PROBLEM TO WORK ON: Nothing beyond the line containing "(part 1 of 3)" should be printed; print each line exactly from the first line of the listing below through it.

BEGIN RECORDS SUPPLIED

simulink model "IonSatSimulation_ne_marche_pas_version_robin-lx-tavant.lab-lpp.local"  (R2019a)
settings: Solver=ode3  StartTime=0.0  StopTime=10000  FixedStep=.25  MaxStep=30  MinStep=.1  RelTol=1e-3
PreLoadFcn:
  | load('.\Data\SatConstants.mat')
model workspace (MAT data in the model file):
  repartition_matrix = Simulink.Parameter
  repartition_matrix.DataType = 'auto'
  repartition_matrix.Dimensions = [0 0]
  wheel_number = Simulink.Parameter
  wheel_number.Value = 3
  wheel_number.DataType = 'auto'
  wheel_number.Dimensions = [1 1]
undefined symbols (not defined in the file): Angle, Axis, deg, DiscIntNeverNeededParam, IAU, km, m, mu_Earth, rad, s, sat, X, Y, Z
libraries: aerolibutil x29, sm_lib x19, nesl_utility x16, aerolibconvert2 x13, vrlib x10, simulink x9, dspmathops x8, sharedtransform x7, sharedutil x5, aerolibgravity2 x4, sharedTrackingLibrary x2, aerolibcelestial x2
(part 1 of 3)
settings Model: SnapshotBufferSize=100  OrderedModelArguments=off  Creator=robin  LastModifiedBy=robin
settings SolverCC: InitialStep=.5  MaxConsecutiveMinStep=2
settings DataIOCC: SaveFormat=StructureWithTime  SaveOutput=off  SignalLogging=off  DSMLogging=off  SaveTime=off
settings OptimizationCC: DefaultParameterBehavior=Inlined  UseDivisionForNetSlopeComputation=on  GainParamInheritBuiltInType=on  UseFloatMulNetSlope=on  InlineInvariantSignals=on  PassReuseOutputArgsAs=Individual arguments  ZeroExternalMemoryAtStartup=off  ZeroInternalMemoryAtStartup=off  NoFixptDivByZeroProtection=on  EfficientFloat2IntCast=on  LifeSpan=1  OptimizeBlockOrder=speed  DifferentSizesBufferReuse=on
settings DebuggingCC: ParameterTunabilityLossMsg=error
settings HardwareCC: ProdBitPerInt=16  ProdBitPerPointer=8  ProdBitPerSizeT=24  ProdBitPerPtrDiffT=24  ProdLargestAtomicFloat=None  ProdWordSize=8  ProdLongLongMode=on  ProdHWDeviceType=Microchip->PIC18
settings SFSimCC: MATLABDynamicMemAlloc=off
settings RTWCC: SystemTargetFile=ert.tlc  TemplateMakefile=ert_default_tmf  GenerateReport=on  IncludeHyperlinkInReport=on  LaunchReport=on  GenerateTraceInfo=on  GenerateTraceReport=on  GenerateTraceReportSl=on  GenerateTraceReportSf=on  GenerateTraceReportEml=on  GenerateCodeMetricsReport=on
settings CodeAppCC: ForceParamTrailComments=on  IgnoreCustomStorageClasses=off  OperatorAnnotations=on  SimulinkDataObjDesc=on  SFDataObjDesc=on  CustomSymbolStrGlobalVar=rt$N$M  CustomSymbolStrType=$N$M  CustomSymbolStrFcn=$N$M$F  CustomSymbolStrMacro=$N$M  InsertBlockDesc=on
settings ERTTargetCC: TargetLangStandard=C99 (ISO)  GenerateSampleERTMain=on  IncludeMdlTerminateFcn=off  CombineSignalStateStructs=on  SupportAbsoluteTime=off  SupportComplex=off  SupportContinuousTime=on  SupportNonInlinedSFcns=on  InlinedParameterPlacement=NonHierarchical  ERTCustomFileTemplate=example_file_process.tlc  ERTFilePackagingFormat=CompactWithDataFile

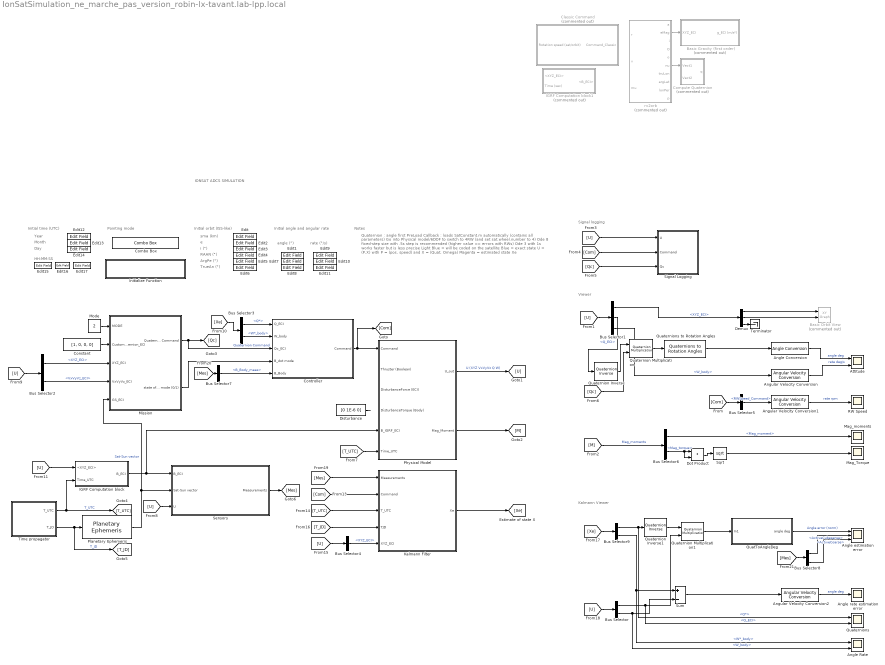
== system IonSatSimulation_ne_marche_pas_version_robin-lx-tavant.lab-lpp.local ==
  note: Kalmann Viewer
  note: IONSAT ADCS SIMULATION
  note: Viewer
  note: Pointing mode
  note: Initial orbit (ISS-like)
  note: sma (km)
  note: e
  note: i (°)
  note: RAAN (°)
  note: ArgPe (°)
  note: TrueAn (°)
  note: Initial angle and angular rate
  note: angle (°)
  note: rate (°/s)
  note: Notes
  note: Quaternion : angle first
      | PreLoad Callback : loads SatConstant.m automatically (contains all parameters)
      | Go into Physical model/6DOF to switch to 4RW (and set sat.wheel.number to 4)
      | Ode 8 fixed-step size with .5s step is recommended (higher value => errors with RWs)
      | Ode 3 with 1s works faster but is less precise
      | Light Blue = will be coded on the satellite
      | Blue = exact state U = (P,X) with P = (pos, speed) and X = (Quat, Omega)
      | Magenta = estimated state Xe
  note: Signal logging
  note: Month
  note: Year
  note: Day
  note: Initial time (UTC)
  note: HH:MM:SS
  Angle Conversion : aerolibconvert2/Angle Conversion  IU=rad  OU=deg
  Angle Rate : Scope  NumInputPorts=2
  Angle estimation error : Scope  NumInputPorts=3
  Angle rate estimation error : Scope
  Angular Velocity Conversion : aerolibconvert2/Angular Velocity Conversion  IU=rad/s  OU=deg/s
      settings: SourceProductName=Aerospace Blockset
  Angular Velocity Conversion1 : aerolibconvert2/Angular Velocity Conversion  IU=rad/s  OU=rpm
      settings: SourceProductName=Aerospace Blockset
  Angular Velocity Conversion2 : aerolibconvert2/Angular Velocity Conversion  IU=rad/s  OU=deg/s
      settings: SourceProductName=Aerospace Blockset
  Attitude : Scope  NumInputPorts=2
  Basic Gravity (first order) : Subsystem  Commented=on
  Basic Orbit View : simulink/Sinks/XY Graph  Commented=on  xmin=-10000000  xmax=10000000  ymin=-10000000  ymax=10000000  st=-1
  Bus Selector : BusSelector  OutputSignals=Q_ECI,W_body
  Bus Selector1 : BusSelector  OutputSignals=XYZ_ECI,Q_ECI,W_body
  Bus Selector2 : BusSelector  OutputSignals=XYZ_ECI,VxVyVz_ECI
  Bus Selector3 : BusSelector  OutputSignals=Q*,W*_body
  Bus Selector4 : BusSelector  OutputSignals=XYZ_ECI
  Bus Selector5 : BusSelector  OutputSignals=RWSpeed_Command
  Bus Selector6 : BusSelector  OutputSignals=Mag_moment,Mag_torque
  Bus Selector7 : BusSelector  OutputSignals=B_Body_meas
  Bus Selector8 : BusSelector  OutputSignals=ActiveCubesense,ActiveCoarse
  Bus Selector9 : BusSelector  OutputSignals=Q*,W*_body
  Classic Command : Subsystem  Commented=on
  Combo Box : ComboBox  LabelPosition=Hide  SelectedLabel=Sun Aero
      settings: Values={{'Nadir', 'Retrograde', 'Drag', 'Sun', 'Sun Aero', 'B-dot', 'Custom Quaternion'}, [1 5 4 3 2 6 7]}
  Compute Quaternion : Subsystem  Commented=on
  Constant : Constant  Value=[1, 0, 0, 0]
  Controller : Subsystem  TreatAsAtomicUnit=on
  Demux : Demux  Outputs=3
  Disturbance : Constant  Value=[0 1E-6 0]
  Dot Product : DotProduct  InputSameDT=on  OutDataTypeStr=Inherit: Inherit via internal rule
  Edit{,1..17} (18 alike) : EditField  LabelPosition=Hide  ShowInitialText=on  Alignment=Center
  IGRF Computation block : Subsystem
  IGRF Computation block1 : Subsystem  Commented=on
  Initialize Function : Subsystem  TreatAsAtomicUnit=on
  Kalmann Filter : Subsystem  TreatAsAtomicUnit=on  SystemSampleTime=1
  Mag_Torque : Scope
  Mag_moments : Scope
  Mission : Subsystem  TreatAsAtomicUnit=on  SystemSampleTime=1
  Mode : Constant  Value=2  OutDataTypeStr=int8
  Physical Model : Subsystem
      settings: MinAlgLoopOccurrences=on
  Planetary Ephemeris : aerolibcelestial/Planetary Ephemeris  kmflag=km,km/s  epochflag=Julian date  de=DE405  nCenter=Earth  nTarget=Sun  errorflag=Error  velflag=off
      settings: SourceProductName=Aerospace Blockset  SourceProductBaseCode=AE
  QuatToAngleDeg : Subsystem
  Quaternion Inverse : aerolibutil/Quaternion Inverse
      settings: SourceProductName=Aerospace Blockset
  Quaternion Inverse1 : aerolibutil/Quaternion Inverse
      settings: SourceProductName=Aerospace Blockset
  Quaternion Multiplication : aerolibutil/Quaternion Multiplication
  Quaternion Multiplication1 : aerolibutil/Quaternion Multiplication
  Quaternions : Scope  NumInputPorts=2
  Quaternions to Rotation Angles : sharedtransform/Quaternions to Rotation Angles  rotationOrder=ZYX  aMode=aMode
      settings: SourceProductBaseCode=AE
  RW Speed : Scope
  Sensors : Subsystem
  Signal Logging : Subsystem
  Sqrt : Sqrt  SaturateOnIntegerOverflow=on
  Sum : Sum  Inputs=+-
  Terminator : Terminator
  Time propagator : Subsystem
  rv2orb : MATLAB Function  Commented=on  TreatAsAtomicUnit=on
  wires:
  Mission/1(Quaternion Command) -> [Qc], Controller/3(Qc_ECI)  "Quaternion Command"
  Mode/1 -> Mission/1(MODE)
  Bus Selector2/2 -> Mission/4(VxVyVz_ECI)  "<VxVyVz_ECI>"
  Physical Model/1(U_out) -> [U]  "U (XYZ VxVyVz Q W)"
  Controller/1(Command) -> [Com], Physical Model/1(Command)
  Angle Conversion/1 -> Attitude/1  "angle deg"
  Demux/3 -> Terminator/1
  Demux/2 -> Basic Orbit View/2
  Angular Velocity Conversion/1 -> Attitude/2  "rate deg/s"
  Bus Selector1/1 -> Demux/1  "<XYZ_ECI>"
  Quaternion Multiplication/1 -> Quaternions to Rotation Angles/1
  Demux/1 -> Basic Orbit View/1
  Bus Selector1/3 -> Angular Velocity Conversion/1  "<W_body>"
  Quaternions to Rotation Angles/1 -> Angle Conversion/1
  Angular Velocity Conversion1/1 -> RW Speed/1  "rate rpm"
  [Com] -> Bus Selector5/1
  [U] -> Bus Selector1/1
  rv2orb/2(eMag) -> Basic Gravity (first order)/1(XYZ_ECI)
  Bus Selector2/1 -> Mission/3(XYZ_ECI)  "<XYZ_ECI>"
  rv2orb/6(nu) -> Compute Quaternion/1(Vect1)
  Bus Selector3/1 -> Controller/1(Q_ECI)  "<Q*>"
  Bus Selector3/2 -> Controller/2(W_body)  "<W*_body>"
  Planetary Ephemeris/1 -> Mission/5(GS_ECI), Sensors/2(Sat-Sun vector)  "Sat-Sun vector"
  [U] -> Signal Logging/1(U)
  [Com] -> Signal Logging/2(Command)
  [Qc] -> Signal Logging/3(Qc)
  [Qc] -> Quaternion Multiplication/2
  Quaternion Inverse/1 -> Quaternion Multiplication/1
  Bus Selector1/2 -> Quaternion Inverse/1  "<Q_ECI>"
  Physical Model/2(Mag_Moment) -> [M]
  [M] -> Bus Selector6/1  "Mag_moments"
  Time propagator/1(T_UTC) -> [T_UTC], IGRF Computation block/2("Time_UTC ")  "T_UTC"
  Time propagator/2(T_JD) -> [T_JD], Planetary Ephemeris/1  "T_JD"
  Disturbance/1 -> ?
  Mission/2(state of B-dot mode (0/1)) -> Controller/4(B_dot mode)
  IGRF Computation block/1(B_ECI) -> Physical Model/5(B_IGRF_ECI), Sensors/1(B_ECI)
  Constant/1 -> Mission/2(Custom Quaternion_ECI)
  [T_UTC] -> Physical Model/6(Time_UTC)
  [U] -> Bus Selector2/1
  [Xe] -> Bus Selector3/1
  [U] -> IGRF Computation block/1(<XYZ_ECI>)
  Kalmann Filter/1(Xe) -> [Xe]
  [Com] -> Kalmann Filter/2(Command)
  [T_UTC] -> Kalmann Filter/3(T_UTC)
  [U] -> Bus Selector4/1
  Bus Selector4/1 -> Kalmann Filter/5(XYZ_ECI)  "<XYZ_ECI>"
  [T_JD] -> Kalmann Filter/4(TJD)
  [Xe] -> Bus Selector9/1
  [U] -> Bus Selector/1
  Bus Selector9/2 -> Angle Rate/1, Sum/1  "<W*_body>"
  Bus Selector/2 -> Angle Rate/2, Sum/2  "<W_body>"
  Sum/1 -> Angular Velocity Conversion2/1
  Bus Selector9/1 -> Quaternions/1, Quaternion Inverse1/1  "<Q*>"
  Quaternion Inverse1/1 -> Quaternion Multiplication1/1
  Bus Selector/1 -> Quaternions/2, Quaternion Multiplication1/2  "<Q_ECI>"
  Angular Velocity Conversion2/1 -> Angle rate estimation error/1  "angle deg"
  Bus Selector5/1 -> Angular Velocity Conversion1/1  "<RWSpeed_Command>"
  Bus Selector6/1 -> Mag_moments/1  "<Mag_moment>"
  Bus Selector6/2 -> Dot Product/2, Dot Product/1  "<Mag_torque>"
  Dot Product/1 -> Sqrt/1
  Sqrt/1 -> Mag_Torque/1
  Bus Selector7/1 -> Controller/5(B_Body)  "<B_Body_meas>"
  [U] -> Sensors/3(U)
  Sensors/1(Measurements) -> [Mes]
  [Mes] -> Kalmann Filter/1(Measurements)
  [Mes] -> Bus Selector7/1
  [Mes] -> Bus Selector8/1
  Bus Selector8/1 -> Angle estimation error/2  "<ActiveCubesense>"
  Bus Selector8/2 -> Angle estimation error/3  "<ActiveCoarse>"
  Quaternion Multiplication1/1 -> QuatToAngleDeg/1(In1)
  QuatToAngleDeg/1(angle deg) -> Angle estimation error/1  "Angle error (norm)"

== system IonSatSimulation_ne_marche_pas_version_robin-lx-tavant.lab-lpp.local/Basic Gravity (first order) ==
  XYZ_ECI : Inport
  Constant : Constant  Value=-mu_Earth
  Constant3 : Constant  Value=3/2
  Divide : Product  Inputs=*/
  Norm : Subsystem
  Product : Product
  Square3 : Math  Operator=pow  SaturateOnIntegerOverflow=on
  g_ECI (m/s²) : Outport  VectorParamsAs1DForOutWhenUnconnected=on
  wires:
  Constant/1 -> Divide/1
  Divide/1 -> Product/2
  Product/1 -> g_ECI (m/s²)/1
  XYZ_ECI/1 -> Norm/1(u), Product/1
  Square3/1 -> Divide/2  "r**3"
  Constant3/1 -> Square3/2
  Norm/1(r**2) -> Square3/1

== system IonSatSimulation_ne_marche_pas_version_robin-lx-tavant.lab-lpp.local/Classic Command ==
  Rotation speed (sat/orbit) : Inport
  Gain : Gain  Gain=- sat.PID.k_mag_classic
  Command_Classic : Outport
  wires:
  Rotation speed (sat/orbit)/1 -> Gain/1
  Gain/1 -> Command_Classic/1

== system IonSatSimulation_ne_marche_pas_version_robin-lx-tavant.lab-lpp.local/Compute Quaternion ==
  Vect1 : Inport
  Vect2 : Inport  Port=2
  Constant : Constant
  Cross Product : vrlib/Utilities/Cross Product
      settings: SourceProductName=Simulink
  Dot Product : DotProduct  InputSameDT=on  OutDataTypeStr=Inherit: Inherit via internal rule
  Mux : Mux  Inputs=2
  Normalization : dspmathops/Normalization  NormType=2-norm  Bias=1e-10  NormOver=Each column  Dimension=1  roundingMode=Floor  overflowMode=off  accumDataTypeStr=Inherit: Same as product output  accumLastDataTypeStr=Inherit: Same as product output  outputDataTypeStr=Inherit: Same as product output  outputMin=[]  outputMax=[]  outputLastDataTypeStr=Inherit: Same as product output
      settings: SourceProductName=DSP System Toolbox
  Normalization1 : dspmathops/Normalization  NormType=2-norm  Bias=1e-10  NormOver=Each column  Dimension=1  roundingMode=Floor  overflowMode=off  accumDataTypeStr=Inherit: Same as product output  accumLastDataTypeStr=Inherit: Same as product output  outputDataTypeStr=Inherit: Same as product output  outputMin=[]  outputMax=[]  outputLastDataTypeStr=Inherit: Same as product output
      settings: SourceProductName=DSP System Toolbox
  Quaternion Normalize : sharedutil/Quaternion Normalize  aMode=aMode
      settings: SourceProductName=Aerospace Blockset  SourceProductBaseCode=AE
  Sum : Sum  Inputs=|++
  q : Outport  PortDimensions=4
  wires:
  Vect1/1 -> Normalization/1
  Normalization/1 -> Cross Product/1, Dot Product/1
  Vect2/1 -> Normalization1/1
  Normalization1/1 -> Dot Product/2, Cross Product/2
  Cross Product/1 -> Mux/2
  Dot Product/1 -> Sum/1
  Sum/1 -> Mux/1
  Constant/1 -> Sum/2
  Mux/1 -> Quaternion Normalize/1
  Quaternion Normalize/1 -> q/1

== system IonSatSimulation_ne_marche_pas_version_robin-lx-tavant.lab-lpp.local/Controller ==
  note: Choix d'un contrôleur PID : plus simple et robuste qu'un LQR/SliddingSurface ou autre
  note: Runs as fast as possible
  note: Runs at 1Hz
  Q_ECI : Inport
  W_body : Inport  Port=2
  Qc_ECI : Inport  Port=3
  B_dot mode : Inport  Port=4
  B_Body : Inport  Port=5
  B-dot choice1 : Subsystem
  B-dot choice2 : Subsystem
  B-dot command : Subsystem  TreatAsAtomicUnit=on
  Bus Creator : BusCreator  Inputs=2
  Ground2 : Ground  Commented=on
  PID (nominal command) : Subsystem  TreatAsAtomicUnit=on  SystemSampleTime=1
  RW4 : Subsystem  Commented=on
  Command : Outport
  wires:
  Ground2/1 -> RW4/1(Mc (scalar))
  B_Body/1 -> B-dot command/1(B), PID (nominal command)/4(B_IGRF_Body)
  B-dot choice2/1(output command) -> Bus Creator/2  "Magnetotorquer_Command"
  B-dot choice1/1(output command) -> Bus Creator/1  "RWSpeed_Command"
  B-dot command/2(Wheel command (0)) -> B-dot choice1/2(Command (B-dot))
  B-dot command/1(Magnetic moment (B-dot)) -> B-dot choice2/2(Command (B-dot))
  B_dot mode/1 -> B-dot choice2/3(B_dot mode (0/1)), B-dot choice1/3(B_dot mode (0/1))
  Q_ECI/1 -> PID (nominal command)/1(Q_ECI)
  Qc_ECI/1 -> PID (nominal command)/2(Qc_ECI)
  W_body/1 -> PID (nominal command)/3(W_Body)
  PID (nominal command)/1(RW Command) -> B-dot choice1/1(" command (normal)")
  PID (nominal command)/2(Mag Command) -> B-dot choice2/1(" command (normal)")
  Bus Creator/1 -> Command/1

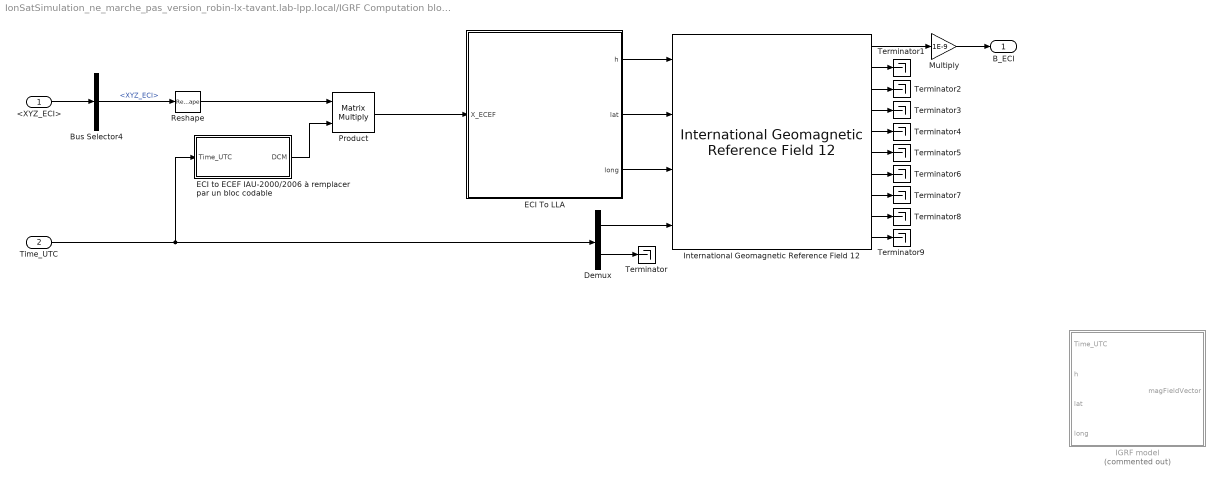
== system IonSatSimulation_ne_marche_pas_version_robin-lx-tavant.lab-lpp.local/IGRF Computation block ==
  <XYZ_ECI> : Inport
  "Time_UTC " : Inport  Port=2
  Bus Selector4 : BusSelector  OutputSignals=XYZ_ECI
  Demux : Demux  Outputs=2
  ECI To LLA : MATLAB Function  TreatAsAtomicUnit=on
  ECI to ECEF IAU-2000/2006 à remplacer par un bloc codable : MATLAB Function  TreatAsAtomicUnit=on
  IGRF model : MATLAB Function  Commented=on  TreatAsAtomicUnit=on
  International Geomagnetic Reference Field 12 : aerolibgravity2/International Geomagnetic Reference Field 12  units=Metric (MKS)  time_in=on  month=January  day=1  year=2020  action=None  sv_out=on
      settings: SourceProductName=Aerospace Blockset  SourceProductBaseCode=AE
  Multiply : Gain  Gain=1E-9
  Product : Product  Multiplication=Matrix(*)
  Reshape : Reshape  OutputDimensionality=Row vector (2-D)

END RECORDS SUPPLIED

PROBLEM SOLUTION:
simulink model "IonSatSimulation_ne_marche_pas_version_robin-lx-tavant.lab-lpp.local"  (R2019a)
settings: Solver=ode3  StartTime=0.0  StopTime=10000  FixedStep=.25  MaxStep=30  MinStep=.1  RelTol=1e-3
PreLoadFcn:
  | load('.\Data\SatConstants.mat')
model workspace (MAT data in the model file):
  repartition_matrix = Simulink.Parameter
  repartition_matrix.DataType = 'auto'
  repartition_matrix.Dimensions = [0 0]
  wheel_number = Simulink.Parameter
  wheel_number.Value = 3
  wheel_number.DataType = 'auto'
  wheel_number.Dimensions = [1 1]
undefined symbols (not defined in the file): Angle, Axis, deg, DiscIntNeverNeededParam, IAU, km, m, mu_Earth, rad, s, sat, X, Y, Z
libraries: aerolibutil x29, sm_lib x19, nesl_utility x16, aerolibconvert2 x13, vrlib x10, simulink x9, dspmathops x8, sharedtransform x7, sharedutil x5, aerolibgravity2 x4, sharedTrackingLibrary x2, aerolibcelestial x2
(part 1 of 3)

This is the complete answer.